* _What the exercise asks_: Please work out how many lines of this material include "drawing", and answer with that number by itself.

* _Given records_:
╭──
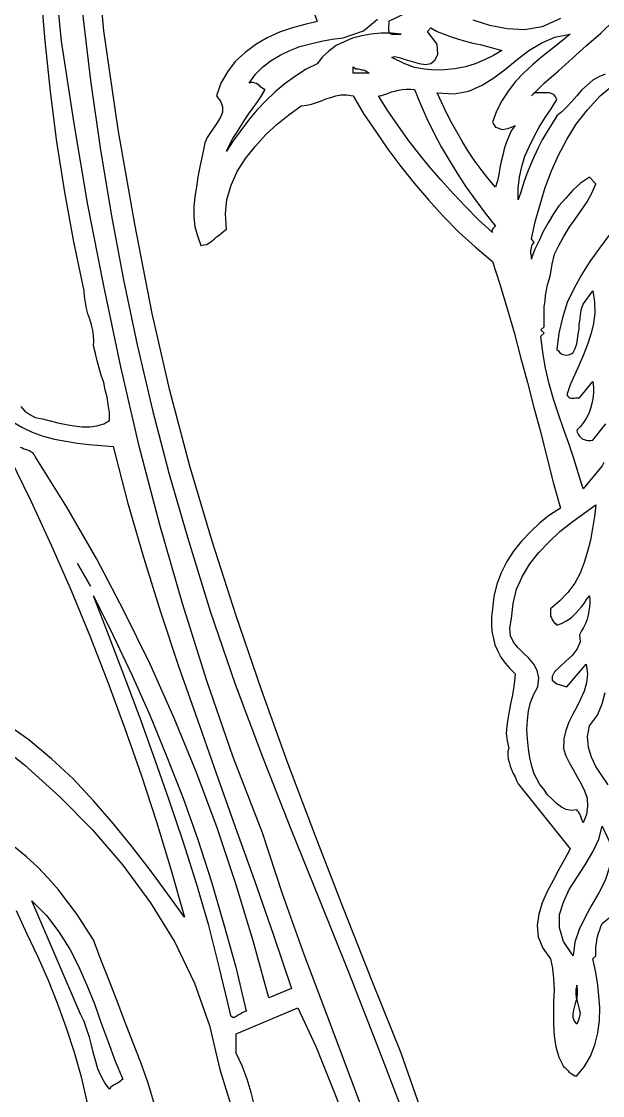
# Model space of a CAD drawing. Extents: x 0.04 to 6.8, y 0.03 to 8.42.
# Drawn here: x 2.057 to 3.236, y 4.098 to 6.276 of the extents above; entities that cross this region are included whole.
import ezdxf

# ---------------------------------------------------------------- set-up
doc = ezdxf.new("R2010")
doc.units = 0
doc.layers.add('1', color=7, linetype='Continuous')

msp = doc.modelspace()

# ---------------------------------------------------------------- linework, layer by layer
msp.add_lwpolyline([(2.056, 5.495), (2.064, 5.486), (2.074, 5.479), (2.085, 5.473), (2.1, 5.47), (2.115, 5.466), (2.131, 5.462), (2.148, 5.459), (2.164, 5.456), (2.18, 5.454), (2.196, 5.454), (2.21, 5.456), (2.224, 5.46), (2.236, 5.467), (2.236, 5.483), (2.233, 5.499), (2.231, 5.514), (2.227, 5.529), (2.224, 5.544), (2.219, 5.559), (2.215, 5.573), (2.211, 5.588), (2.207, 5.603), (2.203, 5.618), (2.204, 5.628), (2.203, 5.639), (2.202, 5.65), (2.199, 5.661), (2.196, 5.672), (2.192, 5.683), (2.189, 5.694), (2.187, 5.706), (2.185, 5.718), (2.184, 5.73), (2.163, 5.829), (2.145, 5.93), (2.129, 6.032), (2.116, 6.134), (2.105, 6.237), (2.096, 6.342)])
at = {"layer": '1'}
for points in [[(2.871, 4.06), (2.828, 4.184), (2.769, 4.33), (2.711, 4.477), (2.654, 4.624), (2.598, 4.772), (2.544, 4.921), (2.493, 5.071), (2.444, 5.222), (2.399, 5.374), (2.358, 5.528), (2.322, 5.684), (2.287, 5.865), (2.253, 6.057), (2.224, 6.257), (2.206, 6.46)], [(2.605, 6.427), (2.657, 6.276), (2.632, 6.27), (2.607, 6.263), (2.581, 6.254), (2.556, 6.243), (2.533, 6.229), (2.511, 6.213), (2.491, 6.195), (2.475, 6.174), (2.462, 6.151), (2.453, 6.125), (2.462, 6.113), (2.465, 6.103), (2.465, 6.092), (2.461, 6.082), (2.455, 6.072), (2.448, 6.062), (2.441, 6.051), (2.434, 6.041), (2.429, 6.03), (2.427, 6.019), (2.423, 6), (2.419, 5.981), (2.415, 5.961), (2.412, 5.941), (2.409, 5.921), (2.407, 5.9), (2.407, 5.88), (2.409, 5.86), (2.414, 5.841), (2.421, 5.822), (2.427, 5.823), (2.433, 5.824), (2.438, 5.827), (2.444, 5.831), (2.449, 5.835), (2.453, 5.839), (2.458, 5.843), (2.463, 5.847), (2.468, 5.851), (2.473, 5.855), (2.471, 5.886), (2.474, 5.915), (2.483, 5.944), (2.495, 5.972), (2.512, 5.998), (2.532, 6.023), (2.553, 6.047), (2.576, 6.068), (2.6, 6.087), (2.625, 6.105), (2.636, 6.106), (2.646, 6.108), (2.656, 6.112), (2.666, 6.115), (2.675, 6.119), (2.685, 6.122), (2.695, 6.125), (2.706, 6.127), (2.717, 6.127), (2.73, 6.125), (2.752, 6.088), (2.776, 6.053), (2.801, 6.017), (2.827, 5.982), (2.854, 5.948), (2.883, 5.914), (2.913, 5.881), (2.945, 5.849), (2.978, 5.819), (3.013, 5.789), (3.028, 5.743), (3.043, 5.694), (3.057, 5.645), (3.07, 5.595), (3.084, 5.544), (3.097, 5.493), (3.111, 5.442), (3.124, 5.39), (3.137, 5.339), (3.151, 5.289), (3.129, 5.275), (3.109, 5.259), (3.09, 5.241), (3.072, 5.222), (3.056, 5.202), (3.042, 5.181), (3.031, 5.158), (3.022, 5.135), (3.016, 5.11), (3.013, 5.085), (3.011, 5.069), (3.011, 5.054), (3.012, 5.039), (3.015, 5.025), (3.018, 5.012), (3.024, 4.999), (3.03, 4.987), (3.039, 4.975), (3.048, 4.964), (3.059, 4.953), (3.058, 4.938), (3.056, 4.923), (3.053, 4.907), (3.05, 4.892), (3.047, 4.877), (3.044, 4.862), (3.042, 4.847), (3.041, 4.832), (3.043, 4.817), (3.046, 4.802), (3.044, 4.796), (3.044, 4.789), (3.045, 4.781), (3.047, 4.774), (3.049, 4.766), (3.052, 4.759), (3.055, 4.751), (3.059, 4.744), (3.062, 4.737), (3.065, 4.73), (3.171, 4.598), (3.16, 4.578), (3.148, 4.556), (3.136, 4.534), (3.124, 4.512), (3.114, 4.489), (3.107, 4.466), (3.104, 4.443), (3.106, 4.42), (3.115, 4.397), (3.131, 4.375), (3.135, 4.356), (3.137, 4.335), (3.138, 4.312), (3.137, 4.289), (3.137, 4.266), (3.137, 4.243), (3.138, 4.219), (3.142, 4.197), (3.148, 4.176), (3.157, 4.157), (3.16, 4.155), (3.162, 4.153), (3.165, 4.15), (3.167, 4.148), (3.169, 4.145), (3.172, 4.143), (3.175, 4.141), (3.178, 4.139), (3.18, 4.138), (3.184, 4.138), (3.2, 4.157), (3.212, 4.178), (3.221, 4.201), (3.227, 4.225), (3.23, 4.25), (3.231, 4.276), (3.229, 4.301), (3.226, 4.327), (3.222, 4.351), (3.217, 4.375), (3.223, 4.381), (3.223, 4.386), (3.223, 4.392), (3.223, 4.399), (3.224, 4.406), (3.225, 4.413), (3.226, 4.42), (3.228, 4.427), (3.231, 4.434), (3.233, 4.441), (3.236, 4.447), (3.254, 4.462)], [(2.769, 4.017), (2.723, 4.14), (2.677, 4.262), (2.631, 4.384), (2.587, 4.507), (2.546, 4.631), (2.487, 4.784), (2.433, 4.939), (2.384, 5.096), (2.338, 5.255), (2.296, 5.415), (2.259, 5.576), (2.224, 5.74), (2.192, 5.904), (2.164, 6.069), (2.138, 6.236), (2.127, 6.354)], [(2.181, 6.293), (2.197, 6.156), (2.217, 6.02), (2.239, 5.885), (2.264, 5.752), (2.292, 5.62), (2.323, 5.488), (2.357, 5.358), (2.394, 5.23), (2.44, 5.08), (2.491, 4.932), (2.546, 4.785), (2.603, 4.64), (2.662, 4.495), (2.72, 4.35), (2.777, 4.205), (2.833, 4.059)], [(2.837, 6.293), (2.802, 6.276), (2.803, 6.273), (2.803, 6.27), (2.802, 6.267), (2.802, 6.264), (2.802, 6.261), (2.802, 6.258), (2.803, 6.256), (2.804, 6.253), (2.806, 6.251), (2.809, 6.25), (2.828, 6.25), (2.808, 6.252), (2.787, 6.252), (2.767, 6.25), (2.748, 6.247), (2.729, 6.242), (2.712, 6.235), (2.696, 6.227), (2.681, 6.216), (2.668, 6.204), (2.657, 6.19), (2.635, 6.179), (2.613, 6.165), (2.592, 6.15), (2.572, 6.133), (2.553, 6.115), (2.535, 6.096), (2.518, 6.076), (2.502, 6.055), (2.487, 6.034), (2.473, 6.013), (2.479, 6.026), (2.486, 6.039), (2.494, 6.051), (2.502, 6.064), (2.51, 6.076), (2.518, 6.088), (2.527, 6.101), (2.536, 6.113), (2.544, 6.125), (2.552, 6.138), (2.549, 6.139), (2.546, 6.141), (2.543, 6.143), (2.54, 6.146), (2.537, 6.148), (2.534, 6.15), (2.531, 6.151), (2.527, 6.152), (2.524, 6.152), (2.519, 6.151), (2.532, 6.169), (2.547, 6.184), (2.564, 6.197), (2.582, 6.208), (2.602, 6.217), (2.622, 6.225), (2.644, 6.231), (2.666, 6.236), (2.688, 6.24), (2.71, 6.243), (2.751, 6.257), (2.78, 6.281)], [(3.151, 6.282), (3.114, 6.265), (3.078, 6.259), (3.043, 6.261), (3.008, 6.268), (2.974, 6.279)], [(3.242, 6.169), (3.229, 6.164), (3.217, 6.157), (3.205, 6.147), (3.194, 6.137), (3.184, 6.125), (3.174, 6.114), (3.164, 6.103), (3.154, 6.093), (3.144, 6.085), (3.134, 6.069), (3.124, 6.053), (3.114, 6.036), (3.106, 6.02), (3.098, 6.002), (3.09, 5.985), (3.083, 5.967), (3.077, 5.95), (3.071, 5.932), (3.065, 5.914), (3.065, 5.938), (3.068, 5.96), (3.073, 5.982), (3.079, 6.003), (3.088, 6.023), (3.098, 6.043), (3.108, 6.062), (3.12, 6.081), (3.132, 6.099), (3.144, 6.118), (3.141, 6.123), (3.138, 6.127), (3.134, 6.129), (3.129, 6.131), (3.124, 6.131), (3.119, 6.131), (3.113, 6.131), (3.108, 6.131), (3.103, 6.131), (3.098, 6.131), (3.092, 6.125), (3.118, 6.151), (3.147, 6.176), (3.175, 6.201), (3.204, 6.227), (3.233, 6.252), (3.26, 6.279)], [(3.032, 6.217), (3.015, 6.207), (2.997, 6.198), (2.978, 6.19), (2.958, 6.184), (2.937, 6.18), (2.916, 6.178), (2.896, 6.177), (2.875, 6.179), (2.855, 6.183), (2.835, 6.19), (2.809, 6.203), (2.814, 6.205), (2.824, 6.203), (2.836, 6.199), (2.85, 6.195), (2.864, 6.191), (2.877, 6.189), (2.888, 6.191), (2.897, 6.198), (2.902, 6.21), (2.901, 6.23), (2.881, 6.256), (2.888, 6.263), (2.901, 6.256), (2.915, 6.25), (2.929, 6.245), (2.944, 6.24), (2.958, 6.236), (2.973, 6.232), (2.988, 6.229), (3.003, 6.225), (3.018, 6.221), (3.032, 6.217)], [(3.013, 6.072), (3.016, 6.067), (3.019, 6.062), (3.024, 6.06), (3.029, 6.058), (3.034, 6.057), (3.04, 6.058), (3.045, 6.059), (3.05, 6.061), (3.055, 6.063), (3.059, 6.065), (3.051, 6.054), (3.046, 6.043), (3.041, 6.03), (3.037, 6.018), (3.034, 6.005), (3.031, 5.992), (3.028, 5.979), (3.026, 5.966), (3.023, 5.953), (3.019, 5.94), (3.004, 5.958), (2.99, 5.976), (2.976, 5.995), (2.964, 6.013), (2.952, 6.032), (2.941, 6.052), (2.93, 6.071), (2.92, 6.091), (2.91, 6.111), (2.901, 6.131), (2.935, 6.129), (2.965, 6.135), (2.992, 6.147), (3.016, 6.162), (3.04, 6.18), (3.063, 6.199), (3.087, 6.217), (3.112, 6.232), (3.14, 6.244), (3.171, 6.25), (3.152, 6.235), (3.132, 6.219), (3.113, 6.204), (3.094, 6.188), (3.076, 6.171), (3.06, 6.154), (3.045, 6.135), (3.032, 6.115), (3.021, 6.094), (3.013, 6.072)], [(2.763, 6.171), (2.73, 6.171), (2.73, 6.184), (2.733, 6.182), (2.736, 6.18), (2.74, 6.18), (2.743, 6.179), (2.747, 6.178), (2.75, 6.178), (2.754, 6.177), (2.757, 6.175), (2.76, 6.173), (2.763, 6.171)], [(3.239, 5.382), (3.236, 5.375), (3.197, 5.328), (3.188, 5.359), (3.178, 5.39), (3.168, 5.42), (3.157, 5.45), (3.147, 5.48), (3.137, 5.51), (3.128, 5.541), (3.121, 5.573), (3.115, 5.605), (3.111, 5.638), (3.118, 5.644), (3.111, 5.651), (3.118, 5.657), (3.118, 5.667), (3.118, 5.677), (3.118, 5.687), (3.118, 5.698), (3.12, 5.709), (3.121, 5.72), (3.123, 5.731), (3.125, 5.742), (3.128, 5.753), (3.131, 5.763), (3.134, 5.784), (3.139, 5.804), (3.148, 5.822), (3.158, 5.84), (3.169, 5.858), (3.181, 5.875), (3.193, 5.893), (3.205, 5.91), (3.215, 5.928), (3.223, 5.947), (3.21, 5.96), (3.192, 5.948), (3.176, 5.934), (3.162, 5.918), (3.148, 5.902), (3.137, 5.886), (3.126, 5.868), (3.116, 5.85), (3.108, 5.832), (3.099, 5.814), (3.092, 5.796), (3.092, 5.794), (3.092, 5.796), (3.092, 5.8), (3.091, 5.806), (3.091, 5.811), (3.092, 5.817), (3.093, 5.821), (3.095, 5.826), (3.098, 5.828), (3.092, 5.835), (3.1, 5.87), (3.11, 5.905), (3.12, 5.939), (3.133, 5.973), (3.147, 6.005), (3.164, 6.037), (3.183, 6.068), (3.206, 6.097), (3.232, 6.125), (3.263, 6.151)], [(2.855, 6.138), (2.867, 6.108), (2.88, 6.079), (2.894, 6.05), (2.909, 6.022), (2.925, 5.995), (2.942, 5.967), (2.96, 5.94), (2.979, 5.913), (2.998, 5.887), (3.019, 5.861), (3.018, 5.86), (3.016, 5.858), (3.015, 5.857), (3.014, 5.856), (3.013, 5.854), (3.012, 5.852), (3.012, 5.85), (3.013, 5.848), (2.985, 5.874), (2.959, 5.9), (2.933, 5.927), (2.909, 5.954), (2.885, 5.981), (2.863, 6.009), (2.841, 6.037), (2.821, 6.066), (2.801, 6.095), (2.782, 6.125), (2.788, 6.126), (2.794, 6.128), (2.801, 6.13), (2.808, 6.133), (2.815, 6.135), (2.822, 6.137), (2.83, 6.138), (2.838, 6.139), (2.847, 6.139), (2.855, 6.138)], [(3.249, 5.842), (3.23, 5.816), (3.211, 5.789), (3.194, 5.762), (3.178, 5.734), (3.165, 5.706), (3.155, 5.675), (3.148, 5.644), (3.144, 5.611), (3.147, 5.608), (3.15, 5.604), (3.153, 5.602), (3.156, 5.601), (3.159, 5.6), (3.163, 5.599), (3.167, 5.6), (3.17, 5.601), (3.174, 5.603), (3.177, 5.605), (3.181, 5.613), (3.184, 5.622), (3.186, 5.632), (3.187, 5.642), (3.189, 5.652), (3.189, 5.662), (3.191, 5.672), (3.192, 5.682), (3.194, 5.693), (3.197, 5.703), (3.217, 5.73), (3.22, 5.707), (3.221, 5.685), (3.218, 5.663), (3.213, 5.642), (3.206, 5.621), (3.198, 5.6), (3.189, 5.58), (3.18, 5.56), (3.171, 5.539), (3.164, 5.519), (3.166, 5.516), (3.168, 5.514), (3.17, 5.513), (3.173, 5.512), (3.175, 5.512), (3.179, 5.512), (3.182, 5.513), (3.185, 5.513), (3.187, 5.513), (3.19, 5.513), (3.217, 5.546), (3.218, 5.534), (3.218, 5.523), (3.217, 5.511), (3.215, 5.501), (3.212, 5.491), (3.209, 5.481), (3.204, 5.472), (3.198, 5.463), (3.192, 5.455), (3.184, 5.447), (3.185, 5.443), (3.187, 5.439), (3.189, 5.436), (3.192, 5.433), (3.195, 5.43), (3.199, 5.428), (3.203, 5.427), (3.207, 5.426), (3.212, 5.426), (3.217, 5.427), (3.243, 5.46)], [(2.038, 5.465), (2.058, 5.453), (2.079, 5.443), (2.101, 5.435), (2.124, 5.429), (2.147, 5.425), (2.171, 5.421), (2.194, 5.418), (2.219, 5.416), (2.243, 5.414)], [(2.243, 5.414), (2.272, 5.301), (2.305, 5.19), (2.339, 5.079), (2.376, 4.969), (2.414, 4.86), (2.452, 4.752), (2.491, 4.643), (2.53, 4.534), (2.568, 4.425), (2.605, 4.315), (2.559, 4.296), (2.527, 4.412), (2.492, 4.527), (2.454, 4.641), (2.412, 4.753), (2.367, 4.863), (2.318, 4.973), (2.265, 5.081), (2.209, 5.187), (2.149, 5.291), (2.085, 5.394), (2.083, 5.398), (2.08, 5.401), (2.076, 5.403), (2.073, 5.405), (2.07, 5.407), (2.066, 5.408), (2.062, 5.409), (2.059, 5.411), (2.055, 5.412)], [(2.032, 5.394), (2.076, 5.304), (2.118, 5.213), (2.158, 5.122), (2.196, 5.03), (2.232, 4.936), (2.267, 4.842), (2.3, 4.748), (2.331, 4.653), (2.36, 4.557), (2.388, 4.46), (2.354, 4.506), (2.319, 4.554), (2.282, 4.602), (2.244, 4.649), (2.204, 4.695), (2.162, 4.74), (2.118, 4.781), (2.072, 4.819), (2.024, 4.853)], [(3.131, 5.085), (3.131, 5.081), (3.131, 5.077), (3.131, 5.074), (3.131, 5.07), (3.133, 5.067), (3.134, 5.063), (3.136, 5.06), (3.138, 5.057), (3.141, 5.055), (3.144, 5.052), (3.153, 5.055), (3.162, 5.06), (3.169, 5.064), (3.175, 5.069), (3.182, 5.076), (3.188, 5.082), (3.194, 5.089), (3.199, 5.096), (3.204, 5.104), (3.21, 5.111), (3.211, 5.104), (3.211, 5.097), (3.21, 5.089), (3.209, 5.081), (3.207, 5.072), (3.205, 5.064), (3.202, 5.055), (3.198, 5.047), (3.194, 5.04), (3.19, 5.032), (3.191, 5.018), (3.185, 5.004), (3.175, 4.99), (3.162, 4.979), (3.15, 4.967), (3.139, 4.957), (3.134, 4.948), (3.134, 4.94), (3.144, 4.933), (3.164, 4.927), (3.203, 4.973), (3.206, 4.953), (3.204, 4.935), (3.199, 4.918), (3.192, 4.902), (3.184, 4.886), (3.176, 4.871), (3.168, 4.855), (3.162, 4.838), (3.158, 4.821), (3.157, 4.802), (3.162, 4.787), (3.169, 4.773), (3.177, 4.759), (3.185, 4.744), (3.193, 4.73), (3.2, 4.716), (3.205, 4.701), (3.206, 4.685), (3.204, 4.668), (3.197, 4.651), (3.196, 4.654), (3.195, 4.657), (3.194, 4.659), (3.194, 4.662), (3.192, 4.665), (3.191, 4.668), (3.19, 4.67), (3.188, 4.673), (3.186, 4.675), (3.184, 4.677), (3.173, 4.676), (3.163, 4.678), (3.153, 4.683), (3.143, 4.69), (3.134, 4.699), (3.125, 4.708), (3.117, 4.719), (3.109, 4.729), (3.103, 4.74), (3.098, 4.75), (3.093, 4.766), (3.089, 4.783), (3.086, 4.801), (3.084, 4.821), (3.083, 4.84), (3.084, 4.859), (3.086, 4.878), (3.09, 4.895), (3.097, 4.912), (3.105, 4.927), (3.107, 4.945), (3.104, 4.96), (3.097, 4.973), (3.087, 4.985), (3.076, 4.995), (3.065, 5.006), (3.056, 5.017), (3.05, 5.03), (3.048, 5.046), (3.052, 5.065), (3.055, 5.096), (3.062, 5.125), (3.074, 5.151), (3.089, 5.176), (3.107, 5.199), (3.128, 5.221), (3.15, 5.242), (3.174, 5.261), (3.199, 5.279), (3.223, 5.296), (3.22, 5.272), (3.216, 5.248), (3.212, 5.224), (3.206, 5.201), (3.199, 5.179), (3.191, 5.157), (3.18, 5.137), (3.166, 5.118), (3.15, 5.101), (3.131, 5.085)], [(2.171, 5.177), (2.197, 5.131), (2.171, 5.177)], [(2.513, 4.269), (2.509, 4.268), (2.505, 4.266), (2.501, 4.263), (2.497, 4.261), (2.493, 4.258), (2.489, 4.256), (2.486, 4.256), (2.483, 4.258), (2.481, 4.262), (2.48, 4.269), (2.459, 4.356), (2.437, 4.443), (2.412, 4.528), (2.385, 4.613), (2.357, 4.697), (2.328, 4.78), (2.298, 4.863), (2.267, 4.946), (2.235, 5.029), (2.203, 5.111), (2.243, 5.031), (2.282, 4.95), (2.318, 4.868), (2.352, 4.785), (2.385, 4.701), (2.415, 4.617), (2.443, 4.531), (2.468, 4.445), (2.492, 4.358), (2.513, 4.269)], [(3.248, 4.728), (3.235, 4.747), (3.223, 4.765), (3.214, 4.784), (3.208, 4.804), (3.206, 4.826), (3.21, 4.848), (3.226, 4.869), (3.236, 4.892), (3.242, 4.915)], [(1.99, 4.827), (2.064, 4.768), (2.135, 4.704), (2.201, 4.637), (2.263, 4.565), (2.319, 4.489), (2.368, 4.409), (2.408, 4.326), (2.439, 4.24), (2.46, 4.151), (2.491, 4.051)], [(3.177, 4.381), (3.157, 4.41), (3.149, 4.438), (3.149, 4.465), (3.157, 4.49), (3.169, 4.516), (3.185, 4.541), (3.201, 4.566), (3.217, 4.592), (3.229, 4.618), (3.236, 4.644), (3.25, 4.614), (3.254, 4.586), (3.25, 4.559), (3.242, 4.534), (3.229, 4.509), (3.215, 4.485), (3.201, 4.46), (3.189, 4.435), (3.18, 4.409), (3.177, 4.381)], [(2.327, 4.08), (2.314, 4.123), (2.299, 4.165), (2.283, 4.206), (2.267, 4.248), (2.251, 4.289), (2.235, 4.331), (2.219, 4.372), (2.203, 4.414), (2.187, 4.439), (2.17, 4.465), (2.151, 4.49), (2.132, 4.515), (2.111, 4.539), (2.09, 4.561), (2.067, 4.582), (2.044, 4.601)], [(2.263, 4.131), (2.26, 4.129), (2.258, 4.127), (2.255, 4.125), (2.252, 4.123), (2.249, 4.122), (2.246, 4.12), (2.244, 4.119), (2.241, 4.117), (2.238, 4.114), (2.236, 4.111), (2.226, 4.124), (2.219, 4.137), (2.212, 4.152), (2.208, 4.167), (2.203, 4.183), (2.199, 4.2), (2.195, 4.216), (2.19, 4.232), (2.184, 4.248), (2.177, 4.263), (2.078, 4.493), (2.108, 4.463), (2.133, 4.43), (2.155, 4.395), (2.173, 4.36), (2.19, 4.322), (2.205, 4.284), (2.219, 4.245), (2.233, 4.207), (2.247, 4.168), (2.263, 4.131)], [(2.046, 4.473), (2.068, 4.426), (2.09, 4.379), (2.111, 4.332), (2.13, 4.284), (2.148, 4.235), (2.164, 4.186), (2.178, 4.136), (2.19, 4.085), (2.178, 4.074), (2.165, 4.063), (2.152, 4.053), (2.139, 4.042), (2.127, 4.032), (2.114, 4.021), (2.101, 4.01), (2.089, 3.998), (2.077, 3.986), (2.065, 3.973), (2.017, 4.042)], [(3.184, 4.243), (3.179, 4.25), (3.177, 4.256), (3.177, 4.263), (3.178, 4.271), (3.18, 4.279), (3.182, 4.287), (3.185, 4.295), (3.186, 4.304), (3.186, 4.313), (3.184, 4.322), (3.182, 4.313), (3.182, 4.305), (3.183, 4.296), (3.185, 4.289), (3.187, 4.281), (3.189, 4.273), (3.191, 4.266), (3.19, 4.258), (3.188, 4.251), (3.184, 4.243)], [(2.53, 4.077), (2.523, 4.104), (2.515, 4.131), (2.505, 4.158), (2.493, 4.184), (2.493, 4.223), (2.618, 4.276), (2.655, 4.196), (2.688, 4.115), (2.72, 4.033)]]:
    msp.add_lwpolyline(points, dxfattribs=at)

doc.saveas('drawing.dxf')
╰──
* _Result below_: 2